● **Work task**: Gather all lines with "Plano" from the records.

───── Task input

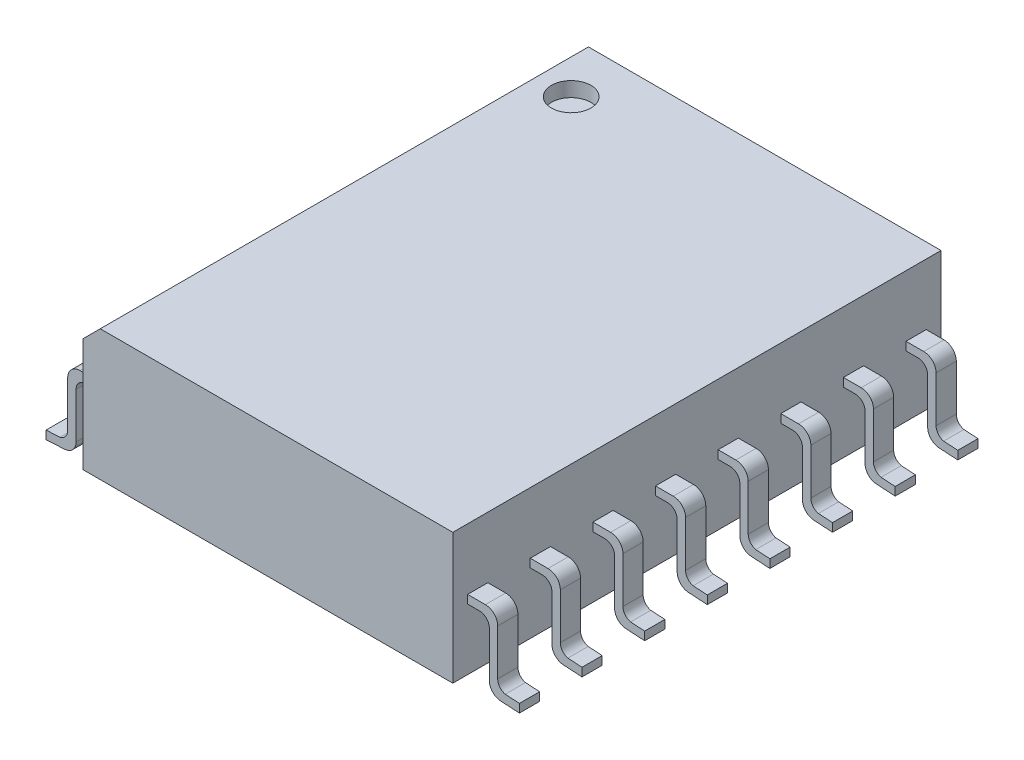
SolidWorks part; units mm, degrees
ref_plane "Plano frontal" through (0, 0, 0) normal (0, 0, 1) x (1, 0, 0)
ref_plane "Plano superior" through (0, 0, 0) normal (0, 1, 0) x (1, 0, 0)
ref_plane "Plano direito" through (0, 0, 0) normal (1, 0, 0) x (0, 0, -1)
ref_plane "Body_Plane" through (0, 0.15, 0) normal (0, 1, 0) x (-1, 0, 0)
sketch "Sketch2" plane through (0, 0.15, 0) normal (0, 1, 0) x (1, 0, 0)
  line L1 (3.75, -4.95) -> (-3.75, -4.95)
  line L2 (3.75, -4.95) -> (3.75, 4.95)
  line L3 (3.75, 4.95) -> (-3.75, 4.95)
  line L4 (-3.75, -4.95) -> (-3.75, 4.95)
  line L5 (3.75, -4.95) -> (-3.75, 4.95) construction
  line L6 (3.75, 4.95) -> (-3.75, -4.95) construction
  point P0 (0, 0)
  dimension "D1" = 9.9
  dimension "D2" = 7.5
extrude "Body" add sketch "Sketch2" along normal blind 2.65
ref_plane "Lead_1_Plane" through (0, 0, 4.445) normal (0, 0, 1) x (1, 0, 0)
sketch "Sketch3" plane through (0, 0, 4.445) normal (0, 0, 1) x (1, 0, 0)
  line L0 (3.75, 2.8) -> (3.75, 0) construction
  line L1 (4.8, 1.4437) -> (4.8, 0) construction
  line L2 (3.75, 1.56) -> (4.1102, 1.56)
  line L3 (3.75, 1.39) -> (3.99, 1.39)
  line L4 (4.19, 1.19) -> (4.19, 0.2675)
  line L5 (4.4197, 0.0233) -> (4.8, 0)
  line L6 (3.75, 0) -> (4.8, 0) construction
  line L7 (4.36, 1.3102) -> (4.36, 0.3823)
  line L8 (4.5134, 0.1878) -> (4.8, 0.1703)
  line L9 (4.8, 0.1703) -> (4.8, 0)
  line L10 (3.75, 1.39) -> (3.75, 1.56)
  line L11 (2.5431, 0.138) -> (2.6866, 0.1293) construction
  line L13 (3.75, 2.8) -> (3.75, 0.15) construction
  line L14 (-3.75, 0.15) -> (3.75, 0.15) construction
  arc A0 (3.99, 1.39) -> (4.19, 1.19) centre (3.99, 1.19) cw
  arc A1 (4.19, 0.2675) -> (4.4197, 0.0233) centre (4.4347, 0.2675) ccw
  arc A2 (4.1102, 1.56) -> (4.36, 1.3102) centre (4.1102, 1.3102) cw
  arc A3 (4.36, 0.3823) -> (4.5134, 0.1878) centre (4.56, 0.3823) ccw
  point P8 (4.4197, 0.0233)
  point P21 (3.75, 1.475)
  dimension "D3" = 0.2
  dimension "D4" = 0.2
  dimension "D11" = 0.17
  dimension "D9" = 0.17
  dimension "D1" = 1.05
  dimension "D2" = 3.5
  dimension "D5" = 0.61
  dimension "D6" = 0.17
  dimension "D7" = 0.17
  dimension "D8" = 0.085
  dimension "D10" = 0.17
  dimension "D12" = 0.15
  dimension "D13" = 0
extrude "Lead" add sketch "Sketch3" along normal mid plane 0.41
pattern_linear "SD_Leads" count 8 spacing 1.27 along (0, 0, -1) of "Lead"
mirror "Mirror1" about plane through (0, 0, 0) normal (1, 0, 0) of "SD_Leads", "Lead"
sketch "Sketch4" plane through (0, 2.8, 0) normal (0, 1, 0) x (1, 0, 0)
  line L0 (-3.75, 3.9008) -> (-2.7008, 3.9008) construction
  line L1 (-3.75, 4.95) -> (-3.75, -4.95) construction
  line L2 (-2.7008, 3.9008) -> (-2.7008, 4.95) construction
  line L3 (3.75, 4.95) -> (-3.75, 4.95) construction
  circle A0 centre (-2.7008, 3.9008) radius 0.4
extrude "Cut-Extrude1" cut sketch "Sketch4" against normal blind 0.3
chamfer "Chamfer1" distance 0.35 angle 45 1 edges at (-3.75, 2.8, 0)
equation "\"BODY_X\" = 7.5"
equation "\"BODY_Z\"= 9.9"
equation "\"BODY_THICKNESS\" = 2.65"
equation "\"NUM_LEADS\"= 16"
equation "\"PITCH\"= 1.27"
equation "\"LEAD_WIDTH\"= 0.41"
equation "\"LEAD_THICKNESS\"= 0.17"
equation "\"LEAD_LENGTH\"= 1.05"
equation "\"LEAD_BODY_OFFSET\"= 0.15"
equation "\"D1@Sketch2\" = \"BODY_Z\""
equation "\"D2@Sketch2\" = \"BODY_X\""
equation "\"D6@Sketch3\" = \"LEAD_THICKNESS\""
equation "\"D7@Sketch3\" = \"LEAD_THICKNESS\""
equation "\"D9@Sketch3\" = \"LEAD_THICKNESS\""
equation "\"D10@Sketch3\" = \"LEAD_THICKNESS\""
equation "\"D11@Sketch3\" = \"LEAD_THICKNESS\""
equation "\"D1@Sketch3\" = \"LEAD_LENGTH\""
equation "\"D1@LEAD\" = \"LEAD_WIDTH\""
equation "\"LEADS_SIDE\"= \"NUM_LEADS\" / 2"
equation "\"D1@Lead_1_Plane\" = ( \"BODY_Z\" - ( \"LEADS_SIDE\" * \"PITCH\" - \"PITCH\" + \"LEAD_WIDTH\" ) + \"LEAD_WIDTH\" ) / 2"
equation "\"D1@SD_Leads\" = \"LEADS_SIDE\""
equation "\"D3@SD_Leads\" = \"PITCH\""
equation "\"D1@Body\" = \"BODY_THICKNESS\""
equation "\"D12@Sketch3\" = \"LEAD_BODY_OFFSET\""
equation "\"D1@Body_Plane\" = \"LEAD_BODY_OFFSET\""
equation "\"D5@Sketch3\" = ( \"LEAD_LENGTH\" + \"LEAD_THICKNESS\" ) / 2"

──────────

● **Output**:
ref_plane "Plano frontal" through (0, 0, 0) normal (0, 0, 1) x (1, 0, 0)
ref_plane "Plano superior" through (0, 0, 0) normal (0, 1, 0) x (1, 0, 0)
ref_plane "Plano direito" through (0, 0, 0) normal (1, 0, 0) x (0, 0, -1)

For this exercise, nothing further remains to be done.